The value is a union structure in itself, so it's a little more complicated. A value can either be a long (lval), a double (dval), a string and its length (str), a hash table value (ht, for arrays), or an object (obj). How the value is read from a variable depends on what kind of variable it is, naturally. However, it's important to remember that reading one type of a union that had its data set as another type will result in garbage being returned.

To read a value from a zval that holds a string, useZend's built-in macros, Z_STRVAL(zval) and Z_STRLEN(zval). While you can access the value of a zval directly, it's much easier just to use the macro. In the same way, Z_LVAL(zval) reads the long value of the zval, Z_BVAL(zval) reads the boolean value of the zval, etc.

Writing to a zval can also be done by hand, but, because of the need to set the /type/ field of zvals, it's easier again to use the Zend macros for setting variables: ZVAL_LONG, ZVAL_DOUBLE, ZVAL_STRING, etc. In the case of setting a string variable, the Zend macro also calculates the length of the string for you.

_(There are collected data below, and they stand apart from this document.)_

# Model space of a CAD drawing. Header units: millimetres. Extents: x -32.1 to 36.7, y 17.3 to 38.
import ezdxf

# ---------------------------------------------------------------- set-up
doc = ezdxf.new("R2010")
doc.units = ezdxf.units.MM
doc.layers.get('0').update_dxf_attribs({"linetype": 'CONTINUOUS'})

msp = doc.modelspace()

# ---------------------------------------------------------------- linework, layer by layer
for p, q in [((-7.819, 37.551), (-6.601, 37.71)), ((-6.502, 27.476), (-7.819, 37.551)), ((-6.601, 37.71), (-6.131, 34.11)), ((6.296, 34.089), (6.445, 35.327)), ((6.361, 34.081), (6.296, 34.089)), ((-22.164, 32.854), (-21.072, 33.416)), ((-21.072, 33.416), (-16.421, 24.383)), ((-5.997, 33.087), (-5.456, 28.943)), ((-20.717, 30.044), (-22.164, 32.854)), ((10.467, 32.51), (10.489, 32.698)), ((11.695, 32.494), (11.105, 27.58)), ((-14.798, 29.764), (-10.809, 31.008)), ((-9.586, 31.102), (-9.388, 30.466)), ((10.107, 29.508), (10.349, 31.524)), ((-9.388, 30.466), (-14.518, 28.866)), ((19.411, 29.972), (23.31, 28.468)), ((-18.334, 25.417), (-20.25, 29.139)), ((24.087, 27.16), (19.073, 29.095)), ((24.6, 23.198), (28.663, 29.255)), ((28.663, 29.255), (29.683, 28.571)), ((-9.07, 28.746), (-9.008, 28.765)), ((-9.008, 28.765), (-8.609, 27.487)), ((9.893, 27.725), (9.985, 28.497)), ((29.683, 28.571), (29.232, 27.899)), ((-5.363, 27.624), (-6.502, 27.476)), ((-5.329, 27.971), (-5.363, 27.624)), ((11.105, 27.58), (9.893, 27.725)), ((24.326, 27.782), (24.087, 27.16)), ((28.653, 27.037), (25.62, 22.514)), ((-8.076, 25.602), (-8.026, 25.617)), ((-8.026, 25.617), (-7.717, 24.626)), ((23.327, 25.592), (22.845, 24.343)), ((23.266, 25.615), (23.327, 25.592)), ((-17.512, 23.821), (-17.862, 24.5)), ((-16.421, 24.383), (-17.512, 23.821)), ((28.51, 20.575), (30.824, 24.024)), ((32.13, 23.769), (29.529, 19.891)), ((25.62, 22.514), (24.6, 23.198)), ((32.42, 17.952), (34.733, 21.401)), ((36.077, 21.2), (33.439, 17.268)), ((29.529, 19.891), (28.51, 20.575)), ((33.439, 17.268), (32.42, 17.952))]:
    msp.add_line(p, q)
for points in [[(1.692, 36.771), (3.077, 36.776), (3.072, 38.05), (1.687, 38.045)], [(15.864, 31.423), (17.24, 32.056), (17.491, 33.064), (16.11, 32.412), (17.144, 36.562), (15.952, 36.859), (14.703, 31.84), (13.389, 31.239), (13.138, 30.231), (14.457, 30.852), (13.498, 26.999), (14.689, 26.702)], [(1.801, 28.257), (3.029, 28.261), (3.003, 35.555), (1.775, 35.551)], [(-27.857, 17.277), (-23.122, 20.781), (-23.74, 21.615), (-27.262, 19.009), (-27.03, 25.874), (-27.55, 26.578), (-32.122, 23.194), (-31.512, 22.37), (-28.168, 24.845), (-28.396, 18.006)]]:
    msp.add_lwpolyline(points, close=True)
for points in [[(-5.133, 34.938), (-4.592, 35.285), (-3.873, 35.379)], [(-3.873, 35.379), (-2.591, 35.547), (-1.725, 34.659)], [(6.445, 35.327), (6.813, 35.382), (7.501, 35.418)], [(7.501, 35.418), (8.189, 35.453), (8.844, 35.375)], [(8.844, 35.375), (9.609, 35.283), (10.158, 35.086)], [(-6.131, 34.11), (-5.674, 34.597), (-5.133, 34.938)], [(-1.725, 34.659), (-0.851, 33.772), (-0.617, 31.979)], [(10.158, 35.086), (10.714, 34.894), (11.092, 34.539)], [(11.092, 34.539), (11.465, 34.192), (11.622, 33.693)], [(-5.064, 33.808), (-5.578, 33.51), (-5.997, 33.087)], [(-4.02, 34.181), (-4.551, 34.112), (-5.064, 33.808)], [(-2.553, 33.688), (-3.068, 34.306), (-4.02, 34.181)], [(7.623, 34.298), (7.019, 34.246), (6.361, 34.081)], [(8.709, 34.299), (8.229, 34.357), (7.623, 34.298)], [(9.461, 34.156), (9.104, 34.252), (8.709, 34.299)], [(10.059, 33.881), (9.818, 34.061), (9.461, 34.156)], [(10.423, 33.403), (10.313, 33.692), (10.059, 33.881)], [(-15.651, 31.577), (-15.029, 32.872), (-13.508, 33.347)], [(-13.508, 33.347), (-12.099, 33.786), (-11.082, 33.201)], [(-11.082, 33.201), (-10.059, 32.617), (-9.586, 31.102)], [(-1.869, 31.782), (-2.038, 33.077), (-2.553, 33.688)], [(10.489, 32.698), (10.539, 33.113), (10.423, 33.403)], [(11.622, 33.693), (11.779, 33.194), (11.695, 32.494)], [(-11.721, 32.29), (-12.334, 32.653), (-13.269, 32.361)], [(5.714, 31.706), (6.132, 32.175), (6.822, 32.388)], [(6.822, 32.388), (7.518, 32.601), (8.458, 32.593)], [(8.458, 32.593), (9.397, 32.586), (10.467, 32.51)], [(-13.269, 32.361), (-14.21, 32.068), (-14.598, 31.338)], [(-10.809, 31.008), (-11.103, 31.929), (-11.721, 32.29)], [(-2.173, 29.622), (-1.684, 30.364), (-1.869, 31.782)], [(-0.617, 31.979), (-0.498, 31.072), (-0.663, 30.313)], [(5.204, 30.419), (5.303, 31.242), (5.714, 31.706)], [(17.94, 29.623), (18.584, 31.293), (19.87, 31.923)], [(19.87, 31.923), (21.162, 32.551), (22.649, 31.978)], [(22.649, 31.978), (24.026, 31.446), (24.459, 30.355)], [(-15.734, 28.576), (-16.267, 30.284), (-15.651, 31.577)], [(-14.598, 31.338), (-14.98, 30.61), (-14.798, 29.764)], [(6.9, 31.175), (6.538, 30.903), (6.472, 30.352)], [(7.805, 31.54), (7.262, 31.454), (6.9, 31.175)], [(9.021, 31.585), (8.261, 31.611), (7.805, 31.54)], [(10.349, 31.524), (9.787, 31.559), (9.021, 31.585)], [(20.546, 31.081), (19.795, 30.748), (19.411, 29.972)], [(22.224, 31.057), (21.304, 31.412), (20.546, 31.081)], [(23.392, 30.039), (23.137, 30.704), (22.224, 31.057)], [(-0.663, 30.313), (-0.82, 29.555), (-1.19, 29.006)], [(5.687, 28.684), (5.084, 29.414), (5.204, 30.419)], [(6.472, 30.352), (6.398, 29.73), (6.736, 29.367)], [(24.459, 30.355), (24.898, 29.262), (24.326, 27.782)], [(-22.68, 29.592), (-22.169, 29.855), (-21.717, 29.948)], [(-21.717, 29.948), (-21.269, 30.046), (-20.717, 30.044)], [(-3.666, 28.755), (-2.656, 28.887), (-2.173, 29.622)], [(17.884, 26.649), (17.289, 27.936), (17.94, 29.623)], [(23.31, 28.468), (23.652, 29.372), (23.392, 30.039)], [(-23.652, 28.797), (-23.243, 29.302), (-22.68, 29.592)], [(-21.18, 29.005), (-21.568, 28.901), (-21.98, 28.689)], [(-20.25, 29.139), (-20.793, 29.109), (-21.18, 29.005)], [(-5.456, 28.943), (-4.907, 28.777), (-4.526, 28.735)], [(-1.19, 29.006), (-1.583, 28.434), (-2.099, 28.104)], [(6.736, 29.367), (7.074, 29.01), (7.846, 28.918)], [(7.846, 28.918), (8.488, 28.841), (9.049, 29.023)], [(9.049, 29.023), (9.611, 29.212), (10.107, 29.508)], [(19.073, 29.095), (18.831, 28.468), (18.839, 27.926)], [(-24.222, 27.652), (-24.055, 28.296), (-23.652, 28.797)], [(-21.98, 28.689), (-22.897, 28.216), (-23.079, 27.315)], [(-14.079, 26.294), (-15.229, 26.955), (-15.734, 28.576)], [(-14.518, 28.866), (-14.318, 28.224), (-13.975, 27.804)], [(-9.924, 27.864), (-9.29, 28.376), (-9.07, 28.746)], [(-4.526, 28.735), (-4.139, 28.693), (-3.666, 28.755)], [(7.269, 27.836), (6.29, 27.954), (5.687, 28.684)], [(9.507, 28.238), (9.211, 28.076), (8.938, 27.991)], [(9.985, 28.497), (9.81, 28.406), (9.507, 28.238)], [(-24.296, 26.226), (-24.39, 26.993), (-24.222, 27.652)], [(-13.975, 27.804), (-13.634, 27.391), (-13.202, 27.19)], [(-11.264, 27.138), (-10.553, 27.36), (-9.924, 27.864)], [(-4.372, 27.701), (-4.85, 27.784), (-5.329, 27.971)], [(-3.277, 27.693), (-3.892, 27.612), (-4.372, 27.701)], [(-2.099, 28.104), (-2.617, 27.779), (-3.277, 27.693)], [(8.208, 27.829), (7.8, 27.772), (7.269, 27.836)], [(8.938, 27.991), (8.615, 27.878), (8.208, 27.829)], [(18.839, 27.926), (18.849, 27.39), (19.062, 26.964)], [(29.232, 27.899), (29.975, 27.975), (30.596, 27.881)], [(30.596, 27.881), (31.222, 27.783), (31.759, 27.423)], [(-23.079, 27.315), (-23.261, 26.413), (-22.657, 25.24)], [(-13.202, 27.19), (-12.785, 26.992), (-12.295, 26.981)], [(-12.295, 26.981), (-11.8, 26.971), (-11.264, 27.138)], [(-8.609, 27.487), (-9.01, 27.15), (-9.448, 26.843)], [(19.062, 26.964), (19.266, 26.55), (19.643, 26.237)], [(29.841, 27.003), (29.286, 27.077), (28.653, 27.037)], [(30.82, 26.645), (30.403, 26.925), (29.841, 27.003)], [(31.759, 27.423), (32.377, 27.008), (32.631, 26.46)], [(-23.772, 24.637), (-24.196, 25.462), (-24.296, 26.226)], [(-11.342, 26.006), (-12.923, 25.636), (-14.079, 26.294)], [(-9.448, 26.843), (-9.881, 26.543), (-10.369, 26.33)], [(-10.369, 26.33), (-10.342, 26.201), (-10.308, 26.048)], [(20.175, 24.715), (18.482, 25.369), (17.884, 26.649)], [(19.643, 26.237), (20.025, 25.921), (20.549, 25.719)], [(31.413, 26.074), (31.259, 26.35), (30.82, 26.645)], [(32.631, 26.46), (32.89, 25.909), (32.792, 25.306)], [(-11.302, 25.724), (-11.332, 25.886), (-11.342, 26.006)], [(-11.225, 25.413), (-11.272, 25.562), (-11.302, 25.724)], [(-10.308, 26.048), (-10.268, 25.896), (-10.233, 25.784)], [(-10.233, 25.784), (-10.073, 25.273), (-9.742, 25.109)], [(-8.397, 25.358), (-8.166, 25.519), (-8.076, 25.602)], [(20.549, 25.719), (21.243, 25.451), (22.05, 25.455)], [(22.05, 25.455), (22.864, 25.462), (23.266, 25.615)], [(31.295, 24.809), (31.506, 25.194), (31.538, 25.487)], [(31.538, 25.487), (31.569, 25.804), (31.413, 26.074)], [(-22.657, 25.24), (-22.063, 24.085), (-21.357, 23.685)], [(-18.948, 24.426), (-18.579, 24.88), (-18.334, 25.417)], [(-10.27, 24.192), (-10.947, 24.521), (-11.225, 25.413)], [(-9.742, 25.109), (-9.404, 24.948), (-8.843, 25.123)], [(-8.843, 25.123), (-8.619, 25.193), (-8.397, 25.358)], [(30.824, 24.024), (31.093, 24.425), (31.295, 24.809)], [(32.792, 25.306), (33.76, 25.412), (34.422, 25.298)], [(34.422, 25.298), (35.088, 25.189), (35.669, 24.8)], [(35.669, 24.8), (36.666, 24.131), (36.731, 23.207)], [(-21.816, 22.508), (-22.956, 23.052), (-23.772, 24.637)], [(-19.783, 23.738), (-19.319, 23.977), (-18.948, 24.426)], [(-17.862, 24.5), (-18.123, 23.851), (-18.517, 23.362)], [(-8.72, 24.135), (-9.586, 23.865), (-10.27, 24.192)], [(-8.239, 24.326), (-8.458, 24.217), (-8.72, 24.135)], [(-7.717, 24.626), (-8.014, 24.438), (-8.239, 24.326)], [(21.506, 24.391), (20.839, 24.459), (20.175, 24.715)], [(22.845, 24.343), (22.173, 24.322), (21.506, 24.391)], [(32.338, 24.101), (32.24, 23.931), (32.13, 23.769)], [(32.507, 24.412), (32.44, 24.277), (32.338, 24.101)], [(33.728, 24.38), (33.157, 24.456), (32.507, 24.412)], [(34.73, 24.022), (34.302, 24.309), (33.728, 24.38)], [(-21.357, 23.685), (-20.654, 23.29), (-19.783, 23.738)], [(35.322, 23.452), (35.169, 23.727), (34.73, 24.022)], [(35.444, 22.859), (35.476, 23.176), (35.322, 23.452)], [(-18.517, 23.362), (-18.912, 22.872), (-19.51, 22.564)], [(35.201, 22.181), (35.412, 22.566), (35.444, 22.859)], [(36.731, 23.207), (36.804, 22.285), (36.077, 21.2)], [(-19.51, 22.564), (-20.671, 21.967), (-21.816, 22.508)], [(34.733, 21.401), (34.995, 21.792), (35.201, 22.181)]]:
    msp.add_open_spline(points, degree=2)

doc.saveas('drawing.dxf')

ZVAL_LONG, ZVAL_DOUBLE, etc, all use the same format for setting their value - parameter one is the zval to set, and parameter two is the value to assign to it, eg:

ZVAL_LONG(new_long, 10);

Owing to the more memory-reliant nature of strings, the ZVAL_STRING macro takes a third parameter, which should be a 1 if the string should be duplicated before being stored, or a 0 if not. Generally this should be a 1, otherwise data will go out of scope and cause problems. The primary occasion where a 0 needs to be passed is when you want to create a new variable referring to a string that's already allocated in Zend's internal memory.

There's one final thing you need to know about zvals before getting started using them, and that's how they are initialised. MAKE_STD_ZVAL is a special macro that should be called after each zval has been declared, and does basic house-keeping tasks such as allocating memory for the zval, setting the reference count to one, etc.

So, to conclude, a complete zval declaration and definition would be:

zval *myint;
ZVAL_LONG(myint, 10);
php42-screenshot4.png-thumb.png (
The PHP source code is, of course, the easiest way to see how things work. Well worth a read.